Team Chemistry Key To U.S. Women's 3-on-3 Gold

By Amanda Manci | Aug. 26, 2014, 12:35 p.m. (ET)
Katie Lou Samuelson celebrates after winning the women's 3-on-3 basketball gold medal during the Nanjing 2014 Youth Olympic Games on Aug. 26, 2014 in Nanjing, China.

NANJING, China -- “We worked so hard to get here, and we weren’t going to let another team take this opportunity from us.”

Napheesa Collier’s words rang true throughout Wutaishan Stadium as Team USA captured the only hardware the four women planned on taking home: gold.

The standout team comprised of Collier, De’Janae Boykin, Arike Ogunbowale and Katie Lou Samuelson accomplished this feat with flair: dominating the women’s 3-on-3 basketball field and finishing the tournament with a perfect 13-0 record.

With International Olympic Committee President Thomas Bach and NBA star Yao Ming on hand to watch, the team capped its gold-medal run with a convincing 19-10 victory over the Netherlands.

Facing a bigger team than previous lineups, Team USA’s game plan was to focus on spreading the floor and fighting for every rebound rather than their typical heavy post-play, and it paid off.

Beyond the X’s and O’s on the court, however, the mindset was simple: “Be aggressive. Don’t ever give up,” said Boykin. “The Netherlands were going to come out gunning for us, so we had to come out even stronger.”

This resilient attitude would be critical throughout the game, in which physical play and sharpshooting from the Netherlands proved a tough challenge for Team USA in the first half of the 10-minute final.  

Facing adversity, the team “kept each other up the whole time, instead of putting each other down. We’re always encouraging each other,” said Ogunbowale. 

After a slow start, the leadership of guard Ogunbowale steadied the team, and the momentum quickly shifted toward Team USA’s favor.

From there, the team went on a 9-0 run and played stifling defense, holding the Netherlands to 10 points. Samuelson – the No.1 recruit in the class of 2015 by ESPN and Youth Olympic Games shoot-out contest bronze medalist – let her talent do the talking with eight points, while Ogunbowale poured in seven points and Collier added four.

The debut of the women’s 3-on-3 format didn’t hurt, either. The fast-paced play features 10-minute games on a half court, where one point is awarded for shots made inside the arc and shots beyond the arc are awarded two points. The first team to score 21 points or the team leading after regulation is declared the winner. The exciting format played to Team USA’s high basketball IQ and athleticism – forcing players to making sound decisions on the run.   

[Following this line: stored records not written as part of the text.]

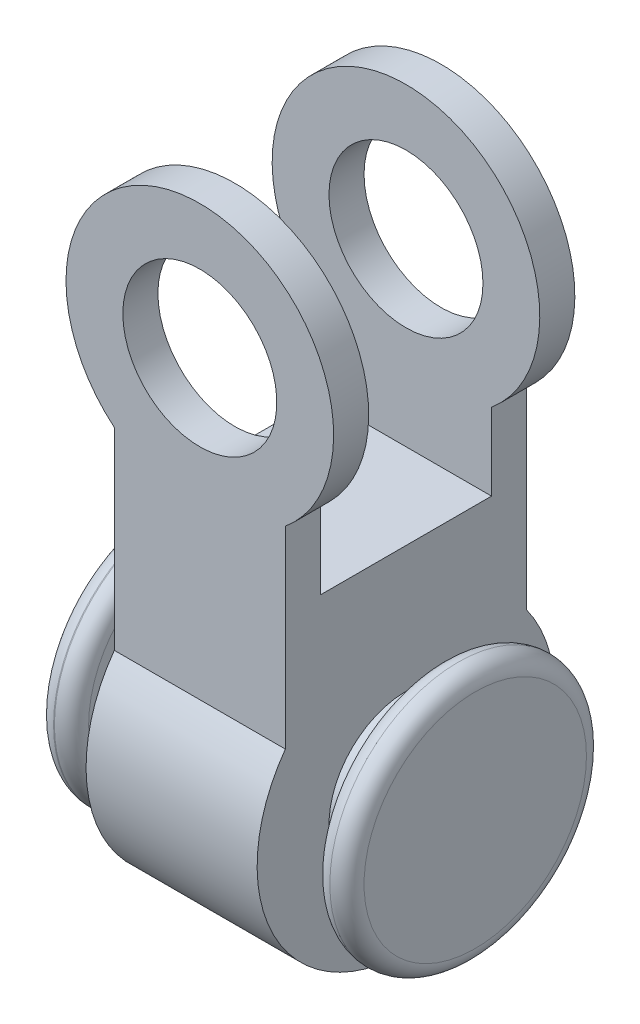
ISO-10303-21;
HEADER;
FILE_DESCRIPTION(('STEP AP214'),'2;1');
FILE_NAME('part.step','',(''),(''),'','','');
FILE_SCHEMA(('AUTOMOTIVE_DESIGN { 1 0 10303 214 1 1 1 1 }'));
ENDSEC;
DATA;
#1=APPLICATION_CONTEXT('core data for automotive mechanical design processes');
#2=APPLICATION_PROTOCOL_DEFINITION('international standard','automotive_design',2000,#1);
#3=PRODUCT_CONTEXT('',#1,'mechanical');
#4=PRODUCT('Part','Part','',(#3));
#5=PRODUCT_RELATED_PRODUCT_CATEGORY('part','',(#4));
#6=PRODUCT_DEFINITION_FORMATION('','',#4);
#7=PRODUCT_DEFINITION_CONTEXT('part definition',#1,'design');
#8=PRODUCT_DEFINITION('design','',#6,#7);
#9=PRODUCT_DEFINITION_SHAPE('','',#8);
#10=(LENGTH_UNIT() NAMED_UNIT(*) SI_UNIT(.MILLI.,.METRE.));
#11=(NAMED_UNIT(*) PLANE_ANGLE_UNIT() SI_UNIT($,.RADIAN.));
#12=(NAMED_UNIT(*) SI_UNIT($,.STERADIAN.) SOLID_ANGLE_UNIT());
#13=UNCERTAINTY_MEASURE_WITH_UNIT(LENGTH_MEASURE(1.E-05),#10,'distance_accuracy_value','');
#14=(GEOMETRIC_REPRESENTATION_CONTEXT(3) GLOBAL_UNCERTAINTY_ASSIGNED_CONTEXT((#13)) GLOBAL_UNIT_ASSIGNED_CONTEXT((#10,
#11,#12)) REPRESENTATION_CONTEXT('',''));
#15=CARTESIAN_POINT('',(0.,0.,0.));
#16=DIRECTION('',(0.,0.,1.));
#17=DIRECTION('',(1.,0.,0.));
#18=AXIS2_PLACEMENT_3D('',#15,#16,#17);
#19=CARTESIAN_POINT('',(100.,0.,0.));
#20=DIRECTION('',(1.,0.,0.));
#21=DIRECTION('',(0.,0.,-1.));
#22=AXIS2_PLACEMENT_3D('',#19,#20,#21);
#23=PLANE('',#22);
#24=CARTESIAN_POINT('',(100.,0.,0.));
#25=DIRECTION('',(1.,0.,0.));
#26=DIRECTION('',(0.,0.,-1.));
#27=AXIS2_PLACEMENT_3D('',#24,#25,#26);
#28=CIRCLE('',#27,45.);
#29=CARTESIAN_POINT('',(100.,0.,-45.));
#30=VERTEX_POINT('',#29);
#31=EDGE_CURVE('E176',#30,#30,#28,.T.);
#32=ORIENTED_EDGE('',*,*,#31,.F.);
#33=EDGE_LOOP('',(#32));
#34=FACE_BOUND('',#33,.T.);
#35=DIRECTION('',(0.,0.,1.));
#36=VECTOR('',#35,1.);
#37=CARTESIAN_POINT('',(100.,118.8,0.));
#38=LINE('',#37,#36);
#39=CARTESIAN_POINT('',(100.,118.8,-50.));
#40=VERTEX_POINT('',#39);
#41=CARTESIAN_POINT('',(100.,118.8,50.));
#42=VERTEX_POINT('',#41);
#43=EDGE_CURVE('E110',#40,#42,#38,.T.);
#44=ORIENTED_EDGE('',*,*,#43,.T.);
#45=DIRECTION('',(0.,1.,0.));
#46=VECTOR('',#45,1.);
#47=CARTESIAN_POINT('',(100.,0.,50.));
#48=LINE('',#47,#46);
#49=CARTESIAN_POINT('',(99.9999999999999,163.846653628768,50.));
#50=VERTEX_POINT('',#49);
#51=EDGE_CURVE('E121',#42,#50,#48,.T.);
#52=ORIENTED_EDGE('',*,*,#51,.T.);
#53=DIRECTION('',(0.,0.,-1.));
#54=VECTOR('',#53,1.);
#55=CARTESIAN_POINT('',(99.9999999999999,163.846653628768,70.5));
#56=LINE('',#55,#54);
#57=CARTESIAN_POINT('',(99.9999999999999,163.846653628768,70.5));
#58=VERTEX_POINT('',#57);
#59=EDGE_CURVE('E144',#58,#50,#56,.T.);
#60=ORIENTED_EDGE('',*,*,#59,.F.);
#61=DIRECTION('',(0.,1.,0.));
#62=VECTOR('',#61,1.);
#63=CARTESIAN_POINT('',(100.,-87.002,70.5));
#64=LINE('',#63,#62);
#65=CARTESIAN_POINT('',(100.,50.9779364038993,70.5));
#66=VERTEX_POINT('',#65);
#67=EDGE_CURVE('E156',#66,#58,#64,.T.);
#68=ORIENTED_EDGE('',*,*,#67,.F.);
#69=CARTESIAN_POINT('',(100.,0.,0.));
#70=DIRECTION('',(1.,0.,0.));
#71=DIRECTION('',(0.,0.,-1.));
#72=AXIS2_PLACEMENT_3D('',#69,#70,#71);
#73=CIRCLE('',#72,87.);
#74=CARTESIAN_POINT('',(100.,50.9779364038993,-70.5));
#75=VERTEX_POINT('',#74);
#76=EDGE_CURVE('E180',#66,#75,#73,.T.);
#77=ORIENTED_EDGE('',*,*,#76,.T.);
#78=DIRECTION('',(0.,1.,0.));
#79=VECTOR('',#78,1.);
#80=CARTESIAN_POINT('',(100.,-87.002,-70.5));
#81=LINE('',#80,#79);
#82=CARTESIAN_POINT('',(99.9999999999999,163.846653628768,-70.5));
#83=VERTEX_POINT('',#82);
#84=EDGE_CURVE('E153',#75,#83,#81,.T.);
#85=ORIENTED_EDGE('',*,*,#84,.T.);
#86=CARTESIAN_POINT('',(99.9999999999999,163.846653628768,-50.));
#87=VERTEX_POINT('',#86);
#88=EDGE_CURVE('E147',#87,#83,#56,.T.);
#89=ORIENTED_EDGE('',*,*,#88,.F.);
#90=DIRECTION('',(0.,-1.,0.));
#91=VECTOR('',#90,1.);
#92=CARTESIAN_POINT('',(100.,0.,-50.));
#93=LINE('',#92,#91);
#94=EDGE_CURVE('E47',#87,#40,#93,.T.);
#95=ORIENTED_EDGE('',*,*,#94,.T.);
#96=EDGE_LOOP('',(#44,#52,#60,#68,#77,#85,#89,#95));
#97=FACE_BOUND('',#96,.T.);
#98=ADVANCED_FACE('F32',(#34,#97),#23,.T.);
#99=CARTESIAN_POINT('',(0.,0.,0.));
#100=DIRECTION('',(1.,0.,0.));
#101=DIRECTION('',(0.,0.,-1.));
#102=AXIS2_PLACEMENT_3D('',#99,#100,#101);
#103=PLANE('',#102);
#104=CARTESIAN_POINT('',(0.,0.,0.));
#105=DIRECTION('',(-1.,0.,0.));
#106=DIRECTION('',(0.,0.,1.));
#107=AXIS2_PLACEMENT_3D('',#104,#105,#106);
#108=CIRCLE('',#107,45.);
#109=CARTESIAN_POINT('',(0.,0.,45.));
#110=VERTEX_POINT('',#109);
#111=EDGE_CURVE('E167',#110,#110,#108,.T.);
#112=ORIENTED_EDGE('',*,*,#111,.F.);
#113=EDGE_LOOP('',(#112));
#114=FACE_BOUND('',#113,.T.);
#115=DIRECTION('',(0.,1.,0.));
#116=VECTOR('',#115,1.);
#117=CARTESIAN_POINT('',(0.,0.,50.));
#118=LINE('',#117,#116);
#119=CARTESIAN_POINT('',(0.,118.8,50.));
#120=VERTEX_POINT('',#119);
#121=CARTESIAN_POINT('',(0.,163.846653628768,50.));
#122=VERTEX_POINT('',#121);
#123=EDGE_CURVE('E116',#120,#122,#118,.T.);
#124=ORIENTED_EDGE('',*,*,#123,.F.);
#125=DIRECTION('',(0.,0.,1.));
#126=VECTOR('',#125,1.);
#127=CARTESIAN_POINT('',(0.,118.8,0.));
#128=LINE('',#127,#126);
#129=CARTESIAN_POINT('',(0.,118.8,-50.));
#130=VERTEX_POINT('',#129);
#131=EDGE_CURVE('E11',#130,#120,#128,.T.);
#132=ORIENTED_EDGE('',*,*,#131,.F.);
#133=DIRECTION('',(0.,-1.,0.));
#134=VECTOR('',#133,1.);
#135=CARTESIAN_POINT('',(0.,0.,-50.));
#136=LINE('',#135,#134);
#137=CARTESIAN_POINT('',(0.,163.846653628768,-50.));
#138=VERTEX_POINT('',#137);
#139=EDGE_CURVE('E95',#138,#130,#136,.T.);
#140=ORIENTED_EDGE('',*,*,#139,.F.);
#141=DIRECTION('',(0.,0.,-1.));
#142=VECTOR('',#141,1.);
#143=CARTESIAN_POINT('',(0.,163.846653628768,70.5));
#144=LINE('',#143,#142);
#145=CARTESIAN_POINT('',(0.,163.846653628768,-70.5));
#146=VERTEX_POINT('',#145);
#147=EDGE_CURVE('E141',#138,#146,#144,.T.);
#148=ORIENTED_EDGE('',*,*,#147,.T.);
#149=DIRECTION('',(0.,1.,0.));
#150=VECTOR('',#149,1.);
#151=CARTESIAN_POINT('',(0.,-87.002,-70.5));
#152=LINE('',#151,#150);
#153=CARTESIAN_POINT('',(0.,50.9779364038993,-70.5));
#154=VERTEX_POINT('',#153);
#155=EDGE_CURVE('E150',#154,#146,#152,.T.);
#156=ORIENTED_EDGE('',*,*,#155,.F.);
#157=CARTESIAN_POINT('',(0.,0.,0.));
#158=DIRECTION('',(1.,0.,0.));
#159=DIRECTION('',(0.,0.,-1.));
#160=AXIS2_PLACEMENT_3D('',#157,#158,#159);
#161=CIRCLE('',#160,87.);
#162=CARTESIAN_POINT('',(0.,50.9779364038993,70.5));
#163=VERTEX_POINT('',#162);
#164=EDGE_CURVE('E175',#163,#154,#161,.T.);
#165=ORIENTED_EDGE('',*,*,#164,.F.);
#166=DIRECTION('',(0.,1.,0.));
#167=VECTOR('',#166,1.);
#168=CARTESIAN_POINT('',(0.,-87.002,70.5));
#169=LINE('',#168,#167);
#170=CARTESIAN_POINT('',(0.,163.846653628768,70.5));
#171=VERTEX_POINT('',#170);
#172=EDGE_CURVE('E157',#163,#171,#169,.T.);
#173=ORIENTED_EDGE('',*,*,#172,.T.);
#174=EDGE_CURVE('E118',#171,#122,#144,.T.);
#175=ORIENTED_EDGE('',*,*,#174,.T.);
#176=EDGE_LOOP('',(#124,#132,#140,#148,#156,#165,#173,#175));
#177=FACE_BOUND('',#176,.T.);
#178=ADVANCED_FACE('F114',(#114,#177),#103,.F.);
#179=CARTESIAN_POINT('',(50.,224.,70.5));
#180=DIRECTION('',(0.,0.,-1.));
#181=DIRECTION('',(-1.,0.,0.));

The ultimate key to their success? Team chemistry. 

“I think we get along really well together,” said Samuelson of the bond that sets the U.S. team apart from others. “The chemistry we have as a team is one of the main reasons we won.”  

Head coach Dori Oldaker has seen this chemistry take shape in a matter of weeks, and echoed Samuelson’s sentiment, adding that the group’s team-first mentality and work ethic elevates their level of play.

To see all of the time spent in the gym culminate in a gold medal was a moment of pure happiness for Oldaker. 

“I’m elated and overjoyed for them because they’ve worked so hard,” said Oldaker. “I can’t describe to you how wonderful they are to work with. They put a lot of time into their game. I’m a very lucky person.”

Understanding the gravity of the moment, the team took time to reflect on the significance of their achievement, etching themselves into USA Basketball’s history of dominance.

“I think it motivates us to keep winning,” said Ogunbowale. “We always want to keep going and keep following in these great players’ footsteps.”

The journey does not end here for Collier, Boykin and Samuelson, who plan to attend University of Connecticut, while Ogunbowale is undecided.

With buzzer sounding the end of the final, the four ecstatically hugged each other, sharing a moment that will not soon be forgotten.

Collier explained their emotions, “This was the last 10 minutes we would spend on this court, so we tried to make every minute count.”